I am OK if they just handle over the IT cost to social media, and just simply
swap their original comments section UNDER EACH news pieces to
facebook/Twitter.

But if they give up the comments at all, then why not just shutdown the whole
site and open a twitter account to post news.

------
lips
I'm excited to see what the Motherboard Letters experiment turns up. I
honestly can't recall the last comment section I read that added to the
discussion. Aside from hot-button political or social issues with their
associated vitriol, even technical videos or software reviews are cluttered
with useless claptrap. Maybe I read the wrong sites. But when I was a heavier
dead-paper consumer, I absolutely enjoyed the letters section of quite a few
periodicals.

I think punting to social media is... uninvested. I enjoy twitter more as an
index of links, rather than actual convo. Facebook, meh. It's facebook - a
conversation mediated by an ever-shifting overlord that I don't care to
participate in.

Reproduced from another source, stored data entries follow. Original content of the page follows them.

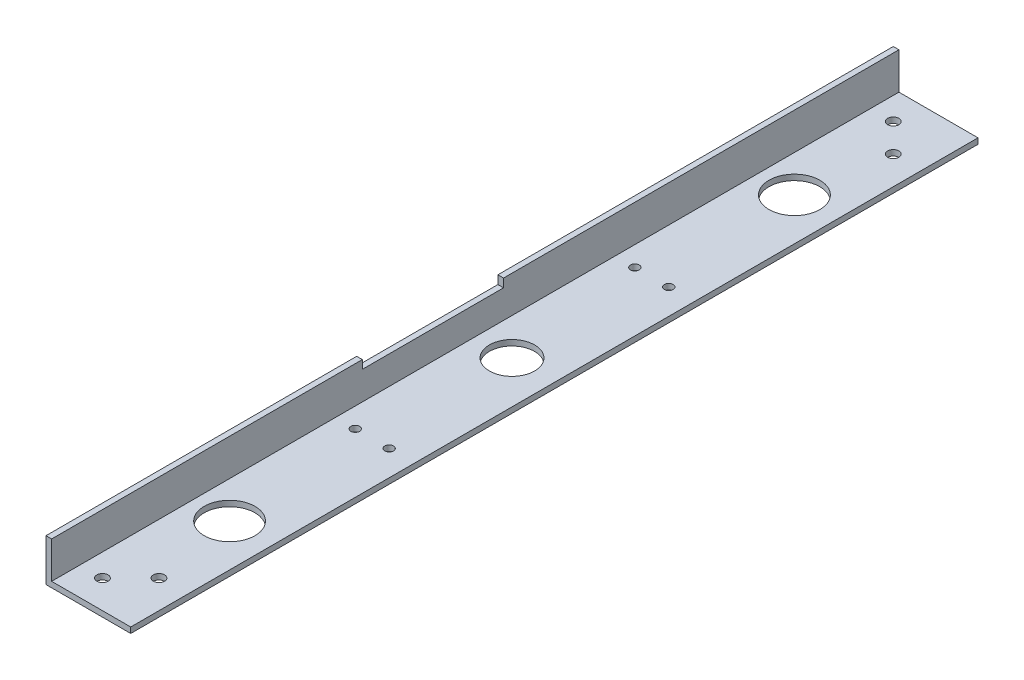
ISO-10303-21;
HEADER;
FILE_DESCRIPTION(('STEP AP214'),'2;1');
FILE_NAME('part.step','',(''),(''),'','','');
FILE_SCHEMA(('AUTOMOTIVE_DESIGN { 1 0 10303 214 1 1 1 1 }'));
ENDSEC;
DATA;
#1=APPLICATION_CONTEXT('core data for automotive mechanical design processes');
#2=APPLICATION_PROTOCOL_DEFINITION('international standard','automotive_design',2000,#1);
#3=PRODUCT_CONTEXT('',#1,'mechanical');
#4=PRODUCT('Part','Part','',(#3));
#5=PRODUCT_RELATED_PRODUCT_CATEGORY('part','',(#4));
#6=PRODUCT_DEFINITION_FORMATION('','',#4);
#7=PRODUCT_DEFINITION_CONTEXT('part definition',#1,'design');
#8=PRODUCT_DEFINITION('design','',#6,#7);
#9=PRODUCT_DEFINITION_SHAPE('','',#8);
#10=(LENGTH_UNIT() NAMED_UNIT(*) SI_UNIT(.MILLI.,.METRE.));
#11=(NAMED_UNIT(*) PLANE_ANGLE_UNIT() SI_UNIT($,.RADIAN.));
#12=(NAMED_UNIT(*) SI_UNIT($,.STERADIAN.) SOLID_ANGLE_UNIT());
#13=UNCERTAINTY_MEASURE_WITH_UNIT(LENGTH_MEASURE(1.E-05),#10,'distance_accuracy_value','');
#14=(GEOMETRIC_REPRESENTATION_CONTEXT(3) GLOBAL_UNCERTAINTY_ASSIGNED_CONTEXT((#13)) GLOBAL_UNIT_ASSIGNED_CONTEXT((#10,
#11,#12)) REPRESENTATION_CONTEXT('',''));
#15=CARTESIAN_POINT('',(0.,0.,0.));
#16=DIRECTION('',(0.,0.,1.));
#17=DIRECTION('',(1.,0.,0.));
#18=AXIS2_PLACEMENT_3D('',#15,#16,#17);
#19=CARTESIAN_POINT('',(-8.,15.,300.));
#20=DIRECTION('',(0.,-1.,0.));
#21=DIRECTION('',(1.,0.,0.));
#22=AXIS2_PLACEMENT_3D('',#19,#20,#21);
#23=PLANE('',#22);
#24=DIRECTION('',(0.,0.,-1.));
#25=VECTOR('',#24,1.);
#26=CARTESIAN_POINT('',(0.,15.,300.));
#27=LINE('',#26,#25);
#28=CARTESIAN_POINT('',(0.,15.,140.));
#29=VERTEX_POINT('',#28);
#30=CARTESIAN_POINT('',(0.,15.,0.));
#31=VERTEX_POINT('',#30);
#32=EDGE_CURVE('E125',#29,#31,#27,.T.);
#33=ORIENTED_EDGE('',*,*,#32,.F.);
#34=DIRECTION('',(1.,0.,0.));
#35=VECTOR('',#34,1.);
#36=CARTESIAN_POINT('',(-8.,15.,140.));
#37=LINE('',#36,#35);
#38=CARTESIAN_POINT('',(2.,15.,140.));
#39=VERTEX_POINT('',#38);
#40=EDGE_CURVE('E41',#29,#39,#37,.T.);
#41=ORIENTED_EDGE('',*,*,#40,.T.);
#42=DIRECTION('',(0.,0.,-1.));
#43=VECTOR('',#42,1.);
#44=CARTESIAN_POINT('',(2.,15.,300.));
#45=LINE('',#44,#43);
#46=CARTESIAN_POINT('',(2.,15.,0.));
#47=VERTEX_POINT('',#46);
#48=EDGE_CURVE('E57',#39,#47,#45,.T.);
#49=ORIENTED_EDGE('',*,*,#48,.T.);
#50=DIRECTION('',(-1.,0.,0.));
#51=VECTOR('',#50,1.);
#52=CARTESIAN_POINT('',(0.,15.,0.));
#53=LINE('',#52,#51);
#54=EDGE_CURVE('E208',#47,#31,#53,.T.);
#55=ORIENTED_EDGE('',*,*,#54,.T.);
#56=EDGE_LOOP('',(#33,#41,#49,#55));
#57=FACE_BOUND('',#56,.T.);
#58=ADVANCED_FACE('F32',(#57),#23,.F.);
#59=CARTESIAN_POINT('',(30.,0.,300.));
#60=DIRECTION('',(0.,1.,0.));
#61=DIRECTION('',(-1.,0.,0.));
#62=AXIS2_PLACEMENT_3D('',#59,#60,#61);
#63=PLANE('',#62);
#64=CARTESIAN_POINT('',(14.999999999986,0.,50.0000000000007));
#65=DIRECTION('',(0.,-1.,0.));
#66=DIRECTION('',(1.,0.,0.));
#67=AXIS2_PLACEMENT_3D('',#64,#65,#66);
#68=CIRCLE('',#67,9.);
#69=CARTESIAN_POINT('',(23.999999999986,0.,50.0000000000007));
#70=VERTEX_POINT('',#69);
#71=EDGE_CURVE('E237',#70,#70,#68,.T.);
#72=ORIENTED_EDGE('',*,*,#71,.F.);
#73=EDGE_LOOP('',(#72));
#74=FACE_BOUND('',#73,.T.);
#75=CARTESIAN_POINT('',(14.9999999999838,0.,249.999999999999));
#76=DIRECTION('',(0.,-1.,0.));
#77=DIRECTION('',(1.,0.,0.));
#78=AXIS2_PLACEMENT_3D('',#75,#76,#77);
#79=CIRCLE('',#78,9.00000000000001);
#80=CARTESIAN_POINT('',(23.9999999999838,0.,249.999999999999));
#81=VERTEX_POINT('',#80);
#82=EDGE_CURVE('E227',#81,#81,#79,.T.);
#83=ORIENTED_EDGE('',*,*,#82,.F.);
#84=EDGE_LOOP('',(#83));
#85=FACE_BOUND('',#84,.T.);
#86=CARTESIAN_POINT('',(8.99999999999958,0.,100.5));
#87=DIRECTION('',(0.,-1.,0.));
#88=DIRECTION('',(1.,0.,0.));
#89=AXIS2_PLACEMENT_3D('',#86,#87,#88);
#90=CIRCLE('',#89,1.5500000000026);
#91=CARTESIAN_POINT('',(10.5500000000022,0.,100.5));
#92=VERTEX_POINT('',#91);
#93=EDGE_CURVE('E224',#92,#92,#90,.T.);
#94=ORIENTED_EDGE('',*,*,#93,.F.);
#95=EDGE_LOOP('',(#94));
#96=FACE_BOUND('',#95,.T.);
#97=CARTESIAN_POINT('',(20.9999999999996,0.,100.5));
#98=DIRECTION('',(0.,-1.,0.));
#99=DIRECTION('',(1.,0.,0.));
#100=AXIS2_PLACEMENT_3D('',#97,#98,#99);
#101=CIRCLE('',#100,1.55000000000261);
#102=CARTESIAN_POINT('',(22.5500000000022,0.,100.5));
#103=VERTEX_POINT('',#102);
#104=EDGE_CURVE('E221',#103,#103,#101,.T.);
#105=ORIENTED_EDGE('',*,*,#104,.F.);
#106=EDGE_LOOP('',(#105));
#107=FACE_BOUND('',#106,.T.);
#108=CARTESIAN_POINT('',(8.99999999999964,0.,199.5));
#109=DIRECTION('',(0.,-1.,0.));
#110=DIRECTION('',(1.,0.,0.));
#111=AXIS2_PLACEMENT_3D('',#108,#109,#110);
#112=CIRCLE('',#111,1.54999999999999);
#113=CARTESIAN_POINT('',(10.5499999999996,0.,199.5));
#114=VERTEX_POINT('',#113);
#115=EDGE_CURVE('E217',#114,#114,#112,.T.);
#116=ORIENTED_EDGE('',*,*,#115,.F.);
#117=EDGE_LOOP('',(#116));
#118=FACE_BOUND('',#117,.T.);
#119=CARTESIAN_POINT('',(20.9999999999996,0.,199.5));
#120=DIRECTION('',(0.,-1.,0.));
#121=DIRECTION('',(1.,0.,0.));
#122=AXIS2_PLACEMENT_3D('',#119,#120,#121);
#123=CIRCLE('',#122,1.55000000000001);
#124=CARTESIAN_POINT('',(22.5499999999996,0.,199.5));
#125=VERTEX_POINT('',#124);
#126=EDGE_CURVE('E213',#125,#125,#123,.T.);
#127=ORIENTED_EDGE('',*,*,#126,.F.);
#128=EDGE_LOOP('',(#127));
#129=FACE_BOUND('',#128,.T.);
#130=CARTESIAN_POINT('',(20.,0.,280.));
#131=DIRECTION('',(0.,1.,0.));
#132=DIRECTION('',(-1.,0.,0.));
#133=AXIS2_PLACEMENT_3D('',#130,#131,#132);
#134=CIRCLE('',#133,1.9776934087646);
#135=CARTESIAN_POINT('',(18.0223065912354,0.,280.));
#136=VERTEX_POINT('',#135);
#137=EDGE_CURVE('E148',#136,#136,#134,.T.);
#138=ORIENTED_EDGE('',*,*,#137,.T.);
#139=EDGE_LOOP('',(#138));
#140=FACE_BOUND('',#139,.T.);
#141=CARTESIAN_POINT('',(10.,0.,290.));
#142=DIRECTION('',(0.,1.,0.));
#143=DIRECTION('',(-1.,0.,0.));
#144=AXIS2_PLACEMENT_3D('',#141,#142,#143);
#145=CIRCLE('',#144,1.97769340876459);
#146=CARTESIAN_POINT('',(8.02230659123541,0.,290.));
#147=VERTEX_POINT('',#146);
#148=EDGE_CURVE('E154',#147,#147,#145,.T.);
#149=ORIENTED_EDGE('',*,*,#148,.T.);
#150=EDGE_LOOP('',(#149));
#151=FACE_BOUND('',#150,.T.);
#152=CARTESIAN_POINT('',(20.,0.,20.));
#153=DIRECTION('',(0.,1.,0.));
#154=DIRECTION('',(-1.,0.,0.));
#155=AXIS2_PLACEMENT_3D('',#152,#153,#154);
#156=CIRCLE('',#155,1.9776934087646);
#157=CARTESIAN_POINT('',(18.0223065912354,0.,20.));
#158=VERTEX_POINT('',#157);
#159=EDGE_CURVE('E160',#158,#158,#156,.T.);
#160=ORIENTED_EDGE('',*,*,#159,.T.);
#161=EDGE_LOOP('',(#160));
#162=FACE_BOUND('',#161,.T.);
#163=CARTESIAN_POINT('',(9.99999999999991,0.,10.));
#164=DIRECTION('',(0.,1.,0.));
#165=DIRECTION('',(-1.,0.,0.));
#166=AXIS2_PLACEMENT_3D('',#163,#164,#165);
#167=CIRCLE('',#166,1.9776934087646);
#168=CARTESIAN_POINT('',(8.02230659123532,0.,10.));
#169=VERTEX_POINT('',#168);
#170=EDGE_CURVE('E166',#169,#169,#167,.T.);
#171=ORIENTED_EDGE('',*,*,#170,.T.);
#172=EDGE_LOOP('',(#171));
#173=FACE_BOUND('',#172,.T.);
#174=CARTESIAN_POINT('',(15.,0.,150.));
#175=DIRECTION('',(0.,1.,0.));
#176=DIRECTION('',(-1.,0.,0.));
#177=AXIS2_PLACEMENT_3D('',#174,#175,#176);
#178=CIRCLE('',#177,8.);
#179=CARTESIAN_POINT('',(6.99999999999999,0.,150.));
#180=VERTEX_POINT('',#179);
#181=EDGE_CURVE('E172',#180,#180,#178,.T.);
#182=ORIENTED_EDGE('',*,*,#181,.T.);
#183=EDGE_LOOP('',(#182));
#184=FACE_BOUND('',#183,.T.);
#185=DIRECTION('',(1.,0.,0.));
#186=VECTOR('',#185,1.);
#187=CARTESIAN_POINT('',(30.,0.,0.));
#188=LINE('',#187,#186);
#189=CARTESIAN_POINT('',(0.,0.,0.));
#190=VERTEX_POINT('',#189);
#191=CARTESIAN_POINT('',(30.,0.,0.));
#192=VERTEX_POINT('',#191);
#193=EDGE_CURVE('E175',#190,#192,#188,.T.);
#194=ORIENTED_EDGE('',*,*,#193,.T.);
#195=DIRECTION('',(0.,0.,-1.));
#196=VECTOR('',#195,1.);
#197=CARTESIAN_POINT('',(30.,0.,300.));
#198=LINE('',#197,#196);
#199=CARTESIAN_POINT('',(30.,0.,300.));
#200=VERTEX_POINT('',#199);
#201=EDGE_CURVE('E205',#200,#192,#198,.T.);
#202=ORIENTED_EDGE('',*,*,#201,.F.);
#203=DIRECTION('',(1.,0.,0.));
#204=VECTOR('',#203,1.);
#205=CARTESIAN_POINT('',(30.,0.,300.));
#206=LINE('',#205,#204);
#207=CARTESIAN_POINT('',(0.,0.,300.));
#208=VERTEX_POINT('',#207);
#209=EDGE_CURVE('E176',#208,#200,#206,.T.);
#210=ORIENTED_EDGE('',*,*,#209,.F.);
#211=DIRECTION('',(0.,0.,-1.));
#212=VECTOR('',#211,1.);
#213=CARTESIAN_POINT('',(0.,0.,300.));
#214=LINE('',#213,#212);
#215=EDGE_CURVE('E189',#208,#190,#214,.T.);
#216=ORIENTED_EDGE('',*,*,#215,.T.);
#217=EDGE_LOOP('',(#194,#202,#210,#216));
#218=FACE_BOUND('',#217,.T.);
#219=ADVANCED_FACE('F34',(#74,#85,#96,#107,#118,#129,#140,#151,#162,#173,#184,#218),#63,.F.);
#220=CARTESIAN_POINT('',(30.,2.,300.));
#221=DIRECTION('',(-1.,0.,0.));
#222=DIRECTION('',(0.,0.,1.));
#223=AXIS2_PLACEMENT_3D('',#220,#221,#222);
#224=PLANE('',#223);
#225=DIRECTION('',(0.,1.,0.));
#226=VECTOR('',#225,1.);
#227=CARTESIAN_POINT('',(30.,2.,0.));
#228=LINE('',#227,#226);
#229=CARTESIAN_POINT('',(30.,2.,0.));
#230=VERTEX_POINT('',#229);
#231=EDGE_CURVE('E192',#192,#230,#228,.T.);
#232=ORIENTED_EDGE('',*,*,#231,.T.);
#233=DIRECTION('',(0.,0.,-1.));
#234=VECTOR('',#233,1.);
#235=CARTESIAN_POINT('',(30.,2.,300.));
#236=LINE('',#235,#234);
#237=CARTESIAN_POINT('',(30.,2.,300.));
#238=VERTEX_POINT('',#237);
#239=EDGE_CURVE('E202',#238,#230,#236,.T.);
#240=ORIENTED_EDGE('',*,*,#239,.F.);
#241=DIRECTION('',(0.,1.,0.));
#242=VECTOR('',#241,1.);
#243=CARTESIAN_POINT('',(30.,2.,300.));
#244=LINE('',#243,#242);
#245=EDGE_CURVE('E179',#200,#238,#244,.T.);
#246=ORIENTED_EDGE('',*,*,#245,.F.);
#247=ORIENTED_EDGE('',*,*,#201,.T.);
#248=EDGE_LOOP('',(#232,#240,#246,#247));
#249=FACE_BOUND('',#248,.T.);
#250=ADVANCED_FACE('F284',(#249),#224,.F.);
#251=CARTESIAN_POINT('',(2.,2.,300.));
#252=DIRECTION('',(0.,-1.,0.));
#253=DIRECTION('',(0.,0.,-1.));
#254=AXIS2_PLACEMENT_3D('',#251,#252,#253);
#255=PLANE('',#254);
#256=CARTESIAN_POINT('',(14.999999999986,2.,50.0000000000007));
#257=DIRECTION('',(0.,-1.,0.));
#258=DIRECTION('',(0.,0.,-1.));
#259=AXIS2_PLACEMENT_3D('',#256,#257,#258);
#260=CIRCLE('',#259,9.);
#261=CARTESIAN_POINT('',(14.999999999986,2.,41.0000000000007));
#262=VERTEX_POINT('',#261);
#263=EDGE_CURVE('E36',#262,#262,#260,.T.);
#264=ORIENTED_EDGE('',*,*,#263,.T.);
#265=EDGE_LOOP('',(#264));
#266=FACE_BOUND('',#265,.T.);
#267=CARTESIAN_POINT('',(14.9999999999838,2.,249.999999999999));
#268=DIRECTION('',(0.,-1.,0.));
#269=DIRECTION('',(0.,0.,-1.));
#270=AXIS2_PLACEMENT_3D('',#267,#268,#269);
#271=CIRCLE('',#270,9.00000000000001);
#272=CARTESIAN_POINT('',(14.9999999999838,2.,240.999999999999));
#273=VERTEX_POINT('',#272);
#274=EDGE_CURVE('E225',#273,#273,#271,.T.);
#275=ORIENTED_EDGE('',*,*,#274,.T.);
#276=EDGE_LOOP('',(#275));
#277=FACE_BOUND('',#276,.T.);
#278=CARTESIAN_POINT('',(8.99999999999958,2.,100.5));
#279=DIRECTION('',(0.,-1.,0.));
#280=DIRECTION('',(0.,0.,-1.));
#281=AXIS2_PLACEMENT_3D('',#278,#279,#280);
#282=CIRCLE('',#281,1.5500000000026);
#283=CARTESIAN_POINT('',(8.99999999999958,2.,98.9499999999969));
#284=VERTEX_POINT('',#283);
#285=EDGE_CURVE('E222',#284,#284,#282,.T.);
#286=ORIENTED_EDGE('',*,*,#285,.T.);
#287=EDGE_LOOP('',(#286));
#288=FACE_BOUND('',#287,.T.);
#289=CARTESIAN_POINT('',(20.9999999999996,2.,100.5));
#290=DIRECTION('',(0.,-1.,0.));
#291=DIRECTION('',(0.,0.,-1.));
#292=AXIS2_PLACEMENT_3D('',#289,#290,#291);
#293=CIRCLE('',#292,1.55000000000261);
#294=CARTESIAN_POINT('',(20.9999999999996,2.,98.9499999999969));
#295=VERTEX_POINT('',#294);
#296=EDGE_CURVE('E218',#295,#295,#293,.T.);
#297=ORIENTED_EDGE('',*,*,#296,.T.);
#298=EDGE_LOOP('',(#297));
#299=FACE_BOUND('',#298,.T.);
#300=CARTESIAN_POINT('',(8.99999999999964,2.,199.5));
#301=DIRECTION('',(0.,-1.,0.));
#302=DIRECTION('',(0.,0.,-1.));
#303=AXIS2_PLACEMENT_3D('',#300,#301,#302);
#304=CIRCLE('',#303,1.54999999999999);
#305=CARTESIAN_POINT('',(8.99999999999964,2.,197.95));
#306=VERTEX_POINT('',#305);
#307=EDGE_CURVE('E214',#306,#306,#304,.T.);
#308=ORIENTED_EDGE('',*,*,#307,.T.);
#309=EDGE_LOOP('',(#308));
#310=FACE_BOUND('',#309,.T.);
#311=CARTESIAN_POINT('',(20.9999999999996,2.,199.5));
#312=DIRECTION('',(0.,-1.,0.));
#313=DIRECTION('',(0.,0.,-1.));
#314=AXIS2_PLACEMENT_3D('',#311,#312,#313);
#315=CIRCLE('',#314,1.55000000000001);
#316=CARTESIAN_POINT('',(20.9999999999996,2.,197.95));
#317=VERTEX_POINT('',#316);
#318=EDGE_CURVE('E122',#317,#317,#315,.T.);
#319=ORIENTED_EDGE('',*,*,#318,.T.);
#320=EDGE_LOOP('',(#319));
#321=FACE_BOUND('',#320,.T.);
#322=CARTESIAN_POINT('',(20.,2.,280.));
#323=DIRECTION('',(0.,1.,0.));
#324=DIRECTION('',(-1.,0.,0.));
#325=AXIS2_PLACEMENT_3D('',#322,#323,#324);
#326=CIRCLE('',#325,1.9776934087646);
#327=CARTESIAN_POINT('',(18.0223065912354,2.,280.));
#328=VERTEX_POINT('',#327);
#329=EDGE_CURVE('E145',#328,#328,#326,.T.);
#330=ORIENTED_EDGE('',*,*,#329,.F.);
#331=EDGE_LOOP('',(#330));
#332=FACE_BOUND('',#331,.T.);
#333=CARTESIAN_POINT('',(10.,2.,290.));
#334=DIRECTION('',(0.,1.,0.));
#335=DIRECTION('',(-1.,0.,0.));
#336=AXIS2_PLACEMENT_3D('',#333,#334,#335);
#337=CIRCLE('',#336,1.97769340876459);
#338=CARTESIAN_POINT('',(8.02230659123541,2.,290.));
#339=VERTEX_POINT('',#338);
#340=EDGE_CURVE('E151',#339,#339,#337,.T.);
#341=ORIENTED_EDGE('',*,*,#340,.F.);
#342=EDGE_LOOP('',(#341));
#343=FACE_BOUND('',#342,.T.);
#344=CARTESIAN_POINT('',(20.,2.,20.));
#345=DIRECTION('',(0.,1.,0.));
#346=DIRECTION('',(-1.,0.,0.));
#347=AXIS2_PLACEMENT_3D('',#344,#345,#346);
#348=CIRCLE('',#347,1.9776934087646);
#349=CARTESIAN_POINT('',(18.0223065912354,2.,20.));
#350=VERTEX_POINT('',#349);
#351=EDGE_CURVE('E157',#350,#350,#348,.T.);
#352=ORIENTED_EDGE('',*,*,#351,.F.);
#353=EDGE_LOOP('',(#352));
#354=FACE_BOUND('',#353,.T.);
#355=CARTESIAN_POINT('',(9.99999999999991,2.,10.));
#356=DIRECTION('',(0.,1.,0.));
#357=DIRECTION('',(-1.,0.,0.));
#358=AXIS2_PLACEMENT_3D('',#355,#356,#357);
#359=CIRCLE('',#358,1.9776934087646);
#360=CARTESIAN_POINT('',(8.02230659123532,2.,10.));
#361=VERTEX_POINT('',#360);
#362=EDGE_CURVE('E163',#361,#361,#359,.T.);
#363=ORIENTED_EDGE('',*,*,#362,.F.);
#364=EDGE_LOOP('',(#363));
#365=FACE_BOUND('',#364,.T.);
#366=CARTESIAN_POINT('',(15.,2.,150.));
#367=DIRECTION('',(0.,1.,0.));
#368=DIRECTION('',(-1.,0.,0.));
#369=AXIS2_PLACEMENT_3D('',#366,#367,#368);
#370=CIRCLE('',#369,8.);
#371=CARTESIAN_POINT('',(6.99999999999999,2.,150.));
#372=VERTEX_POINT('',#371);
#373=EDGE_CURVE('E169',#372,#372,#370,.T.);
#374=ORIENTED_EDGE('',*,*,#373,.F.);
#375=EDGE_LOOP('',(#374));
#376=FACE_BOUND('',#375,.T.);
#377=DIRECTION('',(-1.,0.,0.));
#378=VECTOR('',#377,1.);
#379=CARTESIAN_POINT('',(2.,2.,0.));
#380=LINE('',#379,#378);
#381=CARTESIAN_POINT('',(2.,2.,0.));
#382=VERTEX_POINT('',#381);
#383=EDGE_CURVE('E194',#230,#382,#380,.T.);
#384=ORIENTED_EDGE('',*,*,#383,.T.);
#385=DIRECTION('',(0.,0.,-1.));
#386=VECTOR('',#385,1.);
#387=CARTESIAN_POINT('',(2.,2.,300.));
#388=LINE('',#387,#386);
#389=CARTESIAN_POINT('',(2.,2.,300.));
#390=VERTEX_POINT('',#389);
#391=EDGE_CURVE('E200',#390,#382,#388,.T.);
#392=ORIENTED_EDGE('',*,*,#391,.F.);
#393=DIRECTION('',(-1.,0.,0.));
#394=VECTOR('',#393,1.);
#395=CARTESIAN_POINT('',(2.,2.,300.));
#396=LINE('',#395,#394);
#397=EDGE_CURVE('E182',#238,#390,#396,.T.);
#398=ORIENTED_EDGE('',*,*,#397,.F.);
#399=ORIENTED_EDGE('',*,*,#239,.T.);
#400=EDGE_LOOP('',(#384,#392,#398,#399));
#401=FACE_BOUND('',#400,.T.);
#402=ADVANCED_FACE('F316',(#266,#277,#288,#299,#310,#321,#332,#343,#354,#365,#376,#401),#255,.F.);
#403=CARTESIAN_POINT('',(2.,25.,300.));
#404=DIRECTION('',(-1.,0.,0.));
#405=DIRECTION('',(0.,-1.,0.));
#406=AXIS2_PLACEMENT_3D('',#403,#404,#405);
#407=PLANE('',#406);
#408=ORIENTED_EDGE('',*,*,#48,.F.);
#409=DIRECTION('',(0.,1.,0.));
#410=VECTOR('',#409,1.);
#411=CARTESIAN_POINT('',(2.,15.,140.));
#412=LINE('',#411,#410);
#413=CARTESIAN_POINT('',(2.,12.,140.));
#414=VERTEX_POINT('',#413);
#415=EDGE_CURVE('E113',#414,#39,#412,.T.);
#416=ORIENTED_EDGE('',*,*,#415,.F.);
#417=DIRECTION('',(0.,0.,-1.));
#418=VECTOR('',#417,1.);
#419=CARTESIAN_POINT('',(2.,12.,140.));
#420=LINE('',#419,#418);
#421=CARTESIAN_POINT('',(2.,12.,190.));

But neither of them are lauded as interlocution par
excellence, last I checked.

The big question for me is how the issue of engagement plays out. Comments
update in realtime, letters assume you're familiar with the antecedent
article.

Either which way, I think it's about time we saw more experimentation in this
area.

(I'm glad I had the opportunity to read a page full of people projecting their
own egos, conspiracies, and neurosis on this very article.)

------
transfire
I avoid sites that do not allow comments.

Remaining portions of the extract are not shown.